As an illustration, this tutorial shows how to write a simple Python-based op which performs operations on Double. It also shows how to implement tests that ensure the proper working of an op.


This tutorial does not cover how to make an op that returns a view or modifies the values in its inputs. Thus, all ops created with the instructions described here MUST return newly allocated memory or reuse the memory provided in the parameter output_storage of the perform() function. See Views and inplace operations for an explanation on how to do this.

If your op returns a view or changes the value of its inputs without doing as prescribed in that page, Theano will run, but will return correct results for some graphs and wrong results for others.

It is recommended that you run your tests in DebugMode (Theano flag mode=DebugMode) since it verifies if your op behaves correctly in this regard.

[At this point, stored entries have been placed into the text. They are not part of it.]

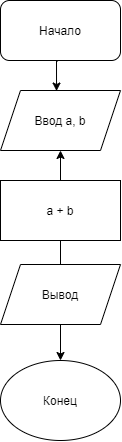

The diagram above was exported from draw.io. Its source (the exported page's mxGraphModel, read from the mxfile embedded in the PNG):
<mxGraphModel dx="563" dy="349" grid="1" gridSize="10" guides="1" tooltips="1" connect="1" arrows="1" fold="1" page="1" pageScale="1" pageWidth="827" pageHeight="1169" math="0" shadow="0">
  <root>
    <mxCell id="WIyWlLk6GJQsqaUBKTNV-0" />
    <mxCell id="WIyWlLk6GJQsqaUBKTNV-1" parent="WIyWlLk6GJQsqaUBKTNV-0" />
    <mxCell id="y6MobFgG8BaBrXeKD1ZM-5" value="" style="edgeStyle=orthogonalEdgeStyle;rounded=0;orthogonalLoop=1;jettySize=auto;html=1;" edge="1" parent="WIyWlLk6GJQsqaUBKTNV-1" source="y6MobFgG8BaBrXeKD1ZM-1" target="y6MobFgG8BaBrXeKD1ZM-4">
      <mxGeometry relative="1" as="geometry" />
    </mxCell>
    <mxCell id="y6MobFgG8BaBrXeKD1ZM-3" value="Начало" style="rounded=1;whiteSpace=wrap;html=1;" vertex="1" parent="WIyWlLk6GJQsqaUBKTNV-1">
      <mxGeometry x="350" y="260" width="120" height="60" as="geometry" />
    </mxCell>
    <mxCell id="y6MobFgG8BaBrXeKD1ZM-8" value="" style="edgeStyle=orthogonalEdgeStyle;rounded=0;orthogonalLoop=1;jettySize=auto;html=1;exitX=0.475;exitY=1.009;exitDx=0;exitDy=0;exitPerimeter=0;entryX=0.467;entryY=0.009;entryDx=0;entryDy=0;entryPerimeter=0;" edge="1" parent="WIyWlLk6GJQsqaUBKTNV-1" source="y6MobFgG8BaBrXeKD1ZM-3" target="y6MobFgG8BaBrXeKD1ZM-4">
      <mxGeometry relative="1" as="geometry" />
    </mxCell>
    <mxCell id="y6MobFgG8BaBrXeKD1ZM-4" value="Ввод a, b" style="shape=parallelogram;perimeter=parallelogramPerimeter;whiteSpace=wrap;html=1;fixedSize=1;" vertex="1" parent="WIyWlLk6GJQsqaUBKTNV-1">
      <mxGeometry x="350" y="350" width="120" height="60" as="geometry" />
    </mxCell>
    <mxCell id="y6MobFgG8BaBrXeKD1ZM-10" value="" style="edgeStyle=orthogonalEdgeStyle;rounded=0;orthogonalLoop=1;jettySize=auto;html=1;" edge="1" parent="WIyWlLk6GJQsqaUBKTNV-1" source="y6MobFgG8BaBrXeKD1ZM-1" target="y6MobFgG8BaBrXeKD1ZM-9">
      <mxGeometry relative="1" as="geometry" />
    </mxCell>
    <mxCell id="y6MobFgG8BaBrXeKD1ZM-1" value="a + b" style="rounded=0;whiteSpace=wrap;html=1;" vertex="1" parent="WIyWlLk6GJQsqaUBKTNV-1">
      <mxGeometry x="350" y="440" width="120" height="60" as="geometry" />
    </mxCell>
    <mxCell id="y6MobFgG8BaBrXeKD1ZM-9" value="Конец" style="ellipse;whiteSpace=wrap;html=1;" vertex="1" parent="WIyWlLk6GJQsqaUBKTNV-1">
      <mxGeometry x="350" y="620" width="120" height="80" as="geometry" />
    </mxCell>
    <mxCell id="y6MobFgG8BaBrXeKD1ZM-11" value="Вывод" style="shape=parallelogram;perimeter=parallelogramPerimeter;whiteSpace=wrap;html=1;fixedSize=1;" vertex="1" parent="WIyWlLk6GJQsqaUBKTNV-1">
      <mxGeometry x="350" y="524" width="120" height="60" as="geometry" />
    </mxCell>
  </root>
</mxGraphModel>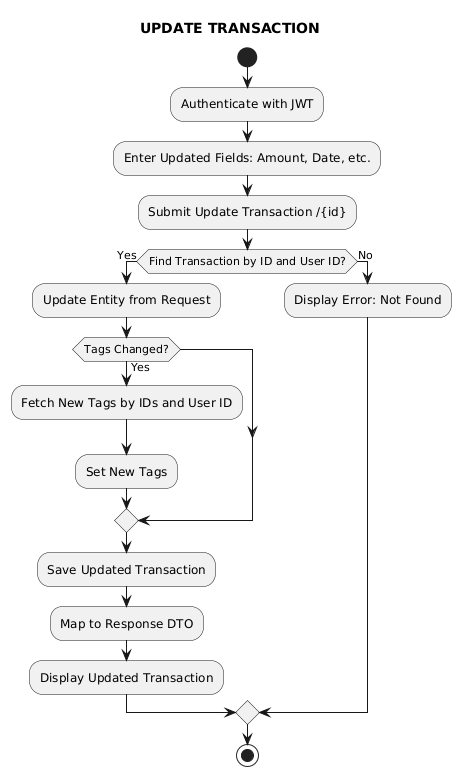

The diagram above was rendered by PlantUML. Its source (embedded in the PNG):
@startuml
title UPDATE TRANSACTION
start
:Authenticate with JWT;
:Enter Updated Fields: Amount, Date, etc.;
:Submit Update Transaction /{id};
if (Find Transaction by ID and User ID?) then (Yes)
  :Update Entity from Request;
  if (Tags Changed?) then (Yes)
    :Fetch New Tags by IDs and User ID;
    :Set New Tags;
  endif
  :Save Updated Transaction;
  :Map to Response DTO;
  :Display Updated Transaction;
else (No)
  :Display Error: Not Found;
endif
stop
@enduml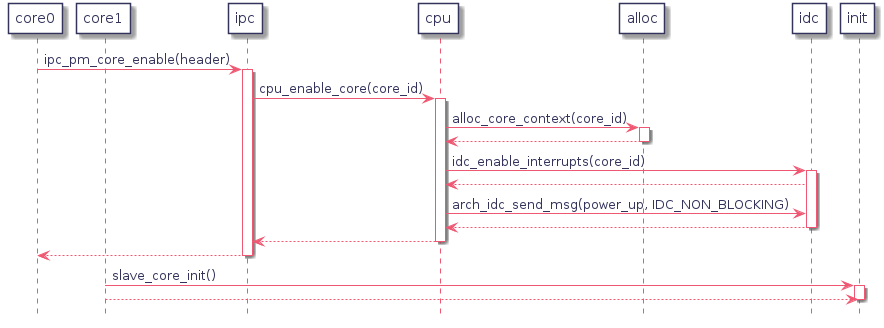

The diagram above was rendered by PlantUML. Its source (embedded in the PNG):
@startuml
hidefootbox
skinparam componentStyle uml2

skinparam defaultFontColor	#33335b

skinparam rectangle {
	color		#d6d6de
	backgroundColor	#ffffff
}

skinparam component {
	backgroundColor	#ffffff
	borderColor	#33335b
	arrowColor	#f05772
}

skinparam interface {
	backgroundColor	#ffffff
	borderColor	#f05772
}

skinparam class {
	backgroundColor	#ffffff
	borderColor	#33335b
	arrowColor	#f05772
}
skinparam stereotypeCBackgroundColor	#6fccdd

skinparam sequence {
	arrowColor		#4a4a86
	lifeLineBorderColor	#f05772
	groupBorderColor	#a1a1ca
	boxBorderColor		#a1a1ca
	dividerBorderColor	#d6d6de
	dividerBorderThickness	1
}
skinparam participant {
	borderColor		#33335b
	backgroundColor		#ffffff
}
skinparam actor {
	borderColor		#33335b
	backgroundColor		#ffffff
}

skinparam state {
	borderColor		#33335b
	backgroundColor		#ffffff
}

skinparam node {
	backgroundColor		#ffffff
}

skinparam note {
	backgroundColor 	#f6ed80
	borderColor		#d6d6de
}

skinparam activity {
	borderColor		#33335b
	backgroundColor		#ffffff
}

skinparam activityDiamond {
	borderColor		#33335b
	backgroundColor		#ffffff
}

skinparam arrowColor	#f05772
skinparam maxMessageSize 400
skinparam BoxPadding 4
participant core0
participant core1
participant ipc
participant cpu
participant alloc
participant idc
participant init

core0 -> ipc : ipc_pm_core_enable(header)
   activate ipc

   ipc -> cpu : cpu_enable_core(core_id)
      activate cpu

      cpu -> alloc : alloc_core_context(core_id)
         activate alloc
      cpu <-- alloc
      deactivate alloc

      cpu -> idc : idc_enable_interrupts(core_id)
         activate idc
      cpu <-- idc
      cpu-> idc : arch_idc_send_msg(power_up, IDC_NON_BLOCKING)
      cpu <-- idc
      deactivate idc

   ipc <-- cpu
   deactivate cpu

core0 <-- ipc
deactivate ipc

core1 -> init : slave_core_init()
   activate init
init <-- core1
deactivate init

@enduml

See the Developer Start Guide for information regarding the versioning framework, namely about git and GitHub, regarding the development workflow and how to make a quality contribution.

Theano Graphs


Theano represents symbolic mathematical computations as graphs. Those graphs are bi-partite graphs (graphs with 2 types of nodes), they are composed of interconnected Apply and Variable nodes. Variable nodes represent data in the graph, either inputs, outputs or intermediary values. As such, Inputs and Outputs of a graph are lists of Theano Variable nodes. Apply nodes perform computation on these variables to produce new variables. Each Apply node has a link to an instance of Op which describes the computation to perform. This tutorial details how to write such an Op instance. Please refers to Graph Structures for a more detailed explanation about the graph structure.

Op Structure

An op is any Python object which inherits from gof.Op. This section provides an overview of the methods you typically have to implement to make a new op. It does not provide extensive coverage of all the possibilities you may encounter or need. For that refer to Op’s contract.

import theano

class MyOp(theano.Op):
    # Properties attribute
    __props__ = ()

    def make_node(self, *inputs):

    # Python implementation:
    def perform(self, node, inputs_storage, output_storage):

    # Other type of implementation
    # C implementation: [see theano web site for other functions]
    def c_code(self, node, inputs, outputs, sub):

    # Other implementations (pycuda, ...):
    def make_thunk(self, node, storage_map, _, _2):

    # optional:
    check_input = True

    def __init__(self, *args):

    def grad(self, inputs, g):

    def R_op(self, inputs, eval_points):

    def infer_shape(node, input_shapes):

An op has to implement some methods defined in the the interface of gof.Op. More specifically, it is mandatory for an op to define the method make_node() and one of the implementation methods, either perform(), Op.c_code() or make_thunk().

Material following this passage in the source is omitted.